*** Exercise data ***
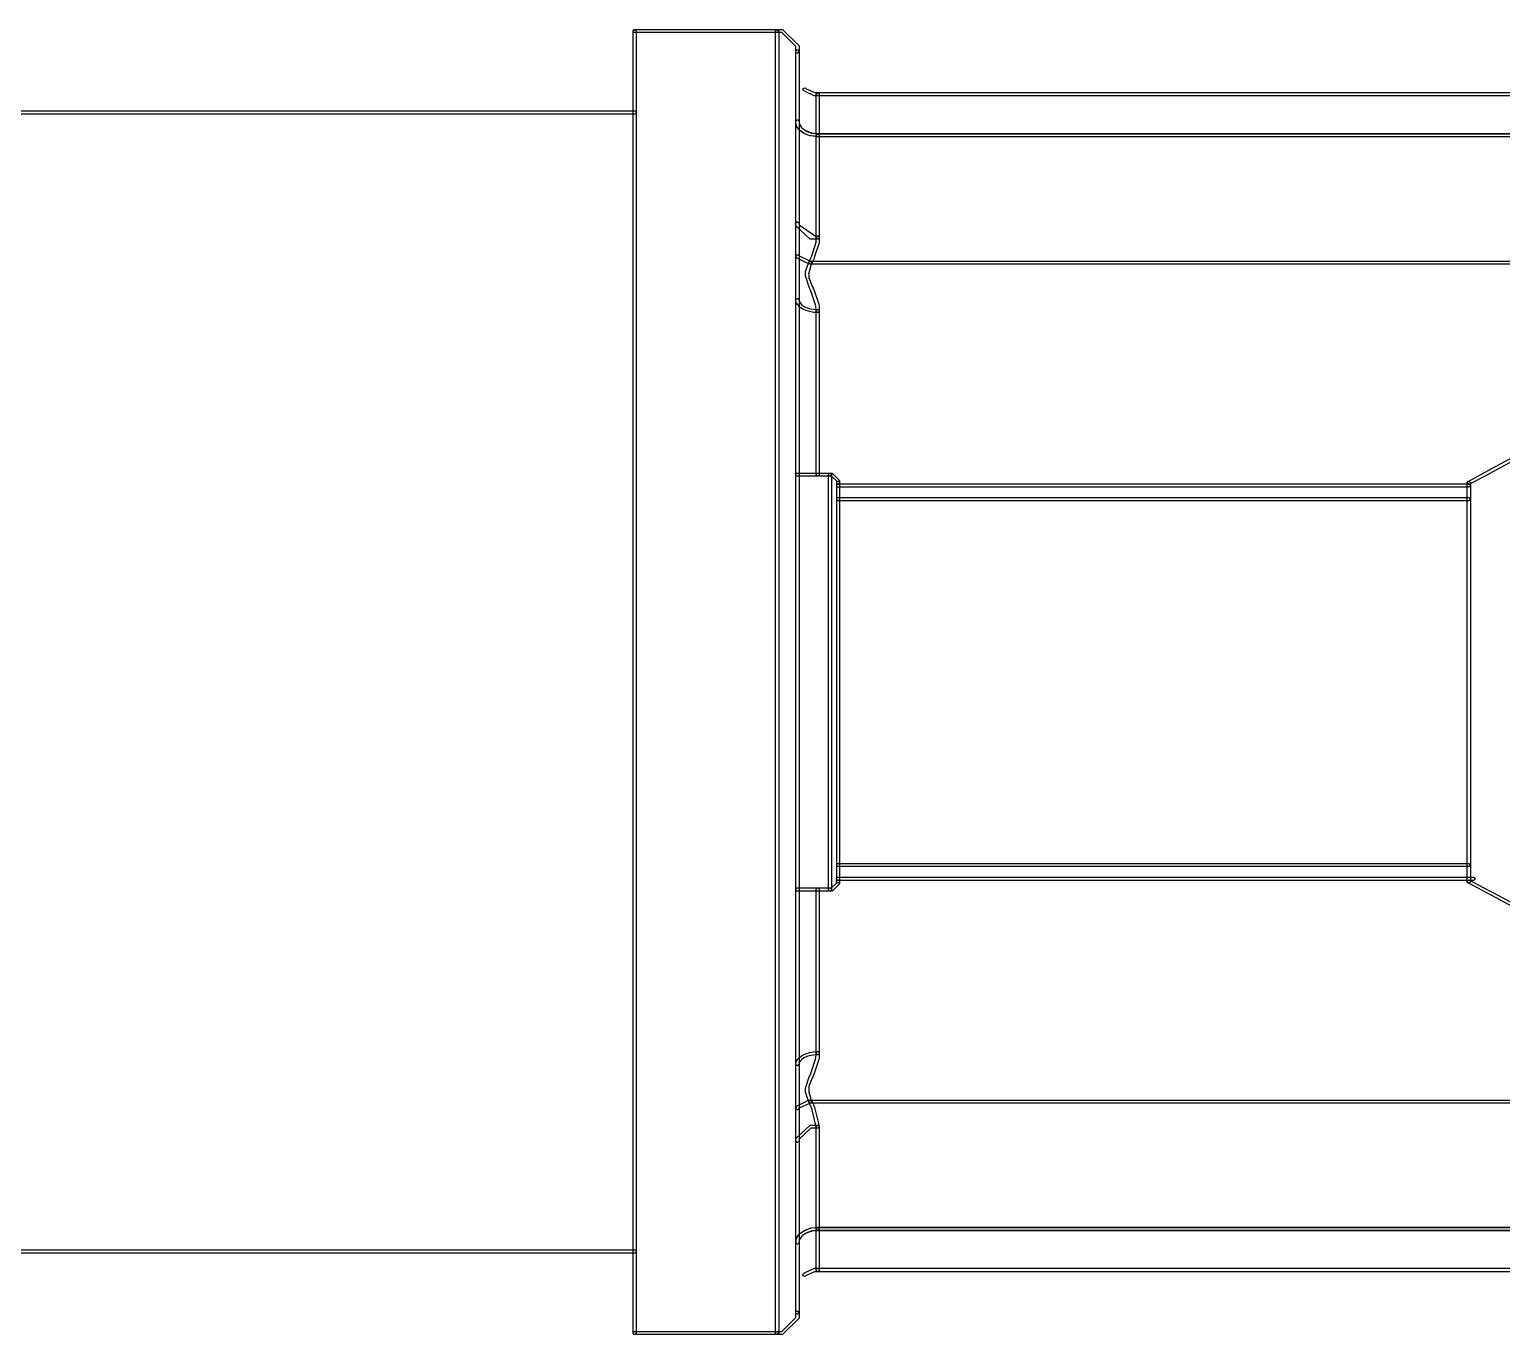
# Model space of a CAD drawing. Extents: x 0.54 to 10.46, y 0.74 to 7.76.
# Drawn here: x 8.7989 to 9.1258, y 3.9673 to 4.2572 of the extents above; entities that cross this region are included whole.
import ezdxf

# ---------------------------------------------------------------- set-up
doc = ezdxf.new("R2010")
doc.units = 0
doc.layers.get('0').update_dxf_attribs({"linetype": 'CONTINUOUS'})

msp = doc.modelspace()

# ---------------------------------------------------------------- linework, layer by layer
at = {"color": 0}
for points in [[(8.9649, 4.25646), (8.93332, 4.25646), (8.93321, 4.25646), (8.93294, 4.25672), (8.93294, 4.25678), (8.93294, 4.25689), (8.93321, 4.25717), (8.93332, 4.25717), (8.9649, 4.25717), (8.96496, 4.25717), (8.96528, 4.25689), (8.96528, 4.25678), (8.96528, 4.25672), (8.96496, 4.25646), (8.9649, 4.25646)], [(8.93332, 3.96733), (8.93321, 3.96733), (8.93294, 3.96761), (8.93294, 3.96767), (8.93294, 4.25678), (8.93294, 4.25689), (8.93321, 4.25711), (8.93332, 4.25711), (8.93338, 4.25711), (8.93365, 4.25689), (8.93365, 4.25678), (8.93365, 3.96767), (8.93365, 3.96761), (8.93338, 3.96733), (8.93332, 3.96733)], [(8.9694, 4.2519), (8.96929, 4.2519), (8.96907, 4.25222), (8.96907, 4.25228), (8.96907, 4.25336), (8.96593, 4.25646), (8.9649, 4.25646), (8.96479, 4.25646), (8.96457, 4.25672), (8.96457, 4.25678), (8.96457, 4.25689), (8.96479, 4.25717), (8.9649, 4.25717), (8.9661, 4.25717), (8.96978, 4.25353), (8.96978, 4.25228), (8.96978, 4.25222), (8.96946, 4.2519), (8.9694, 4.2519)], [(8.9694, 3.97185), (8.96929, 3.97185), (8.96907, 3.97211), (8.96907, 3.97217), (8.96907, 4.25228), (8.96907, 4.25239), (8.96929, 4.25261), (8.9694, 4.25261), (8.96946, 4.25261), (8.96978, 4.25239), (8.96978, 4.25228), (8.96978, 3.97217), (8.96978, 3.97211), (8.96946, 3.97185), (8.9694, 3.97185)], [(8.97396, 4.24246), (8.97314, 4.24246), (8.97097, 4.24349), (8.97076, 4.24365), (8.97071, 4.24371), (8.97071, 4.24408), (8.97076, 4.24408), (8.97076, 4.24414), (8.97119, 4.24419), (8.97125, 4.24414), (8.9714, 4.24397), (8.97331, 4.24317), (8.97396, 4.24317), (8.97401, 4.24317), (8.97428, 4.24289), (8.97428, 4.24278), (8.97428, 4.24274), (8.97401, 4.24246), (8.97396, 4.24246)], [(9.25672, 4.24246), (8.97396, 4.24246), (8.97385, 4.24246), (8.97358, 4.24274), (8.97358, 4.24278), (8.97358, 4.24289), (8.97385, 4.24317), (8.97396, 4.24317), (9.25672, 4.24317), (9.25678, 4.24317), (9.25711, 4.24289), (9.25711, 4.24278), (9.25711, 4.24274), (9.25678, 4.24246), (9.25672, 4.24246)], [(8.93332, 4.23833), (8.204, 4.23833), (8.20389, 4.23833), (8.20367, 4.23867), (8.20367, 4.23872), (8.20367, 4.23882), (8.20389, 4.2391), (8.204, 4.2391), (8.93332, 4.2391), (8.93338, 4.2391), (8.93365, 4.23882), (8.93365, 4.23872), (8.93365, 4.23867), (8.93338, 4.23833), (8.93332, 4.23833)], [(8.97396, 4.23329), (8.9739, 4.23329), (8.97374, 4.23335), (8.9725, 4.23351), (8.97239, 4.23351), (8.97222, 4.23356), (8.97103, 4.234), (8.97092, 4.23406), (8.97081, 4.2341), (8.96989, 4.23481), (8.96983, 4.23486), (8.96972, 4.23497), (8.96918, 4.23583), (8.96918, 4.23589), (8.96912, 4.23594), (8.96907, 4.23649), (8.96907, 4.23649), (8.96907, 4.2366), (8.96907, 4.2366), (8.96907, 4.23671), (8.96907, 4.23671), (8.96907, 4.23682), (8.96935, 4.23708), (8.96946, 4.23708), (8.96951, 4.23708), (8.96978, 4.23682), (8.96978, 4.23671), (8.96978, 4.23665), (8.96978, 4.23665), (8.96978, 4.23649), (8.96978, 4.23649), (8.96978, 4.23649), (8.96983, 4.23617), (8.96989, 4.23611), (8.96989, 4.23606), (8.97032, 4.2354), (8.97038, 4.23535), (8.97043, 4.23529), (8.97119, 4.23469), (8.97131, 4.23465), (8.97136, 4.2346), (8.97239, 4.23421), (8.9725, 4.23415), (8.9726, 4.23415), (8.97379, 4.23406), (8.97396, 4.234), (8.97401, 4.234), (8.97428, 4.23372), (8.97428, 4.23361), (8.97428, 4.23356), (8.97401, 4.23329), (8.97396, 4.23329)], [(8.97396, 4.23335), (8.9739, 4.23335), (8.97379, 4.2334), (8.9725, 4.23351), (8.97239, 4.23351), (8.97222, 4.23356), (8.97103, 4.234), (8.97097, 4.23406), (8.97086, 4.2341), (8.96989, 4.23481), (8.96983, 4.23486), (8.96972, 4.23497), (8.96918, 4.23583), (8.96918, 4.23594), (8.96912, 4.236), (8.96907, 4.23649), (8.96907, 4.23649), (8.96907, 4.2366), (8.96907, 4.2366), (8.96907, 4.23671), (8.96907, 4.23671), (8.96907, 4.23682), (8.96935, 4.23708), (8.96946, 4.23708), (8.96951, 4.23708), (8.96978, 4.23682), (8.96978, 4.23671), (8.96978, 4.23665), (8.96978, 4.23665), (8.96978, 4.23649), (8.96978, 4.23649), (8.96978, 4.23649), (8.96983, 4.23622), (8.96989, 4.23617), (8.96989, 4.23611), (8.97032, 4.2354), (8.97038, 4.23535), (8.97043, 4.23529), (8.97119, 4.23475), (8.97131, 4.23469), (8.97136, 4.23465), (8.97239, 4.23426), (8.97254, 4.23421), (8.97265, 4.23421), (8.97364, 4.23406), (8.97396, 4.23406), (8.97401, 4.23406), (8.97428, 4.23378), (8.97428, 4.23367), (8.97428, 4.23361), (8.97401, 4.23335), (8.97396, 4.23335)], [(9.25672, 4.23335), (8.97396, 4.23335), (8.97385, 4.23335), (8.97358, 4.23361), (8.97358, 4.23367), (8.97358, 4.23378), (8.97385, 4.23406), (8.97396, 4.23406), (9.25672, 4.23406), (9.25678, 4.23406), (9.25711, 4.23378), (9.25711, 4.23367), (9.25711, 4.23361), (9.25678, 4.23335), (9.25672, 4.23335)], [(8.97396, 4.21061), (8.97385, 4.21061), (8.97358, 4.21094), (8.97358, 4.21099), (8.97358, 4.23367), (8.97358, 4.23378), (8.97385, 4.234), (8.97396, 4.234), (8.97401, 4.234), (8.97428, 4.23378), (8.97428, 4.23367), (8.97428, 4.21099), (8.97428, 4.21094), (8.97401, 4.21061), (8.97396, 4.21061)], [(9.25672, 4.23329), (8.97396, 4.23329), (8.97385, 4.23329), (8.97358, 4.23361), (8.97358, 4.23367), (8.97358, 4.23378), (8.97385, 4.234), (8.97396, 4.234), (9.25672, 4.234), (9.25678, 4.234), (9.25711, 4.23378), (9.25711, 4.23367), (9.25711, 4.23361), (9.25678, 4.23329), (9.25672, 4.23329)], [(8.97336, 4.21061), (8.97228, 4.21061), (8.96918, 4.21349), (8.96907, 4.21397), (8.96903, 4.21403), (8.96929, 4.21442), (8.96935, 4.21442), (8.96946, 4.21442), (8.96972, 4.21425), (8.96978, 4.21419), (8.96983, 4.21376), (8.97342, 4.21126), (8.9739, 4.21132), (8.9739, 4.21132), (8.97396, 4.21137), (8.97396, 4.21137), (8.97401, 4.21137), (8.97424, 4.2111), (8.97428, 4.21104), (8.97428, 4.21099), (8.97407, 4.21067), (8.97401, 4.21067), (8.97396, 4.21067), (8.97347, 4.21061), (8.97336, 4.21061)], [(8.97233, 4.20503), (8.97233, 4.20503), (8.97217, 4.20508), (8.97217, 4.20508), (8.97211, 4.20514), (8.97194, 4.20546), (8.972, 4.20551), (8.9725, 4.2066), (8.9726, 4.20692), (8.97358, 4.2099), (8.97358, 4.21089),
***
Exercise directions |
Restate word for word the entries above, starting at the line with "# Drawn here: x" and ending at the line with "msp = doc.modelspace()", inclusive, and no others.

Answer space |
# Drawn here: x 8.7989 to 9.1258, y 3.9673 to 4.2572 of the extents above; entities that cross this region are included whole.
import ezdxf

# ---------------------------------------------------------------- set-up
doc = ezdxf.new("R2010")
doc.units = 0
doc.layers.get('0').update_dxf_attribs({"linetype": 'CONTINUOUS'})

msp = doc.modelspace()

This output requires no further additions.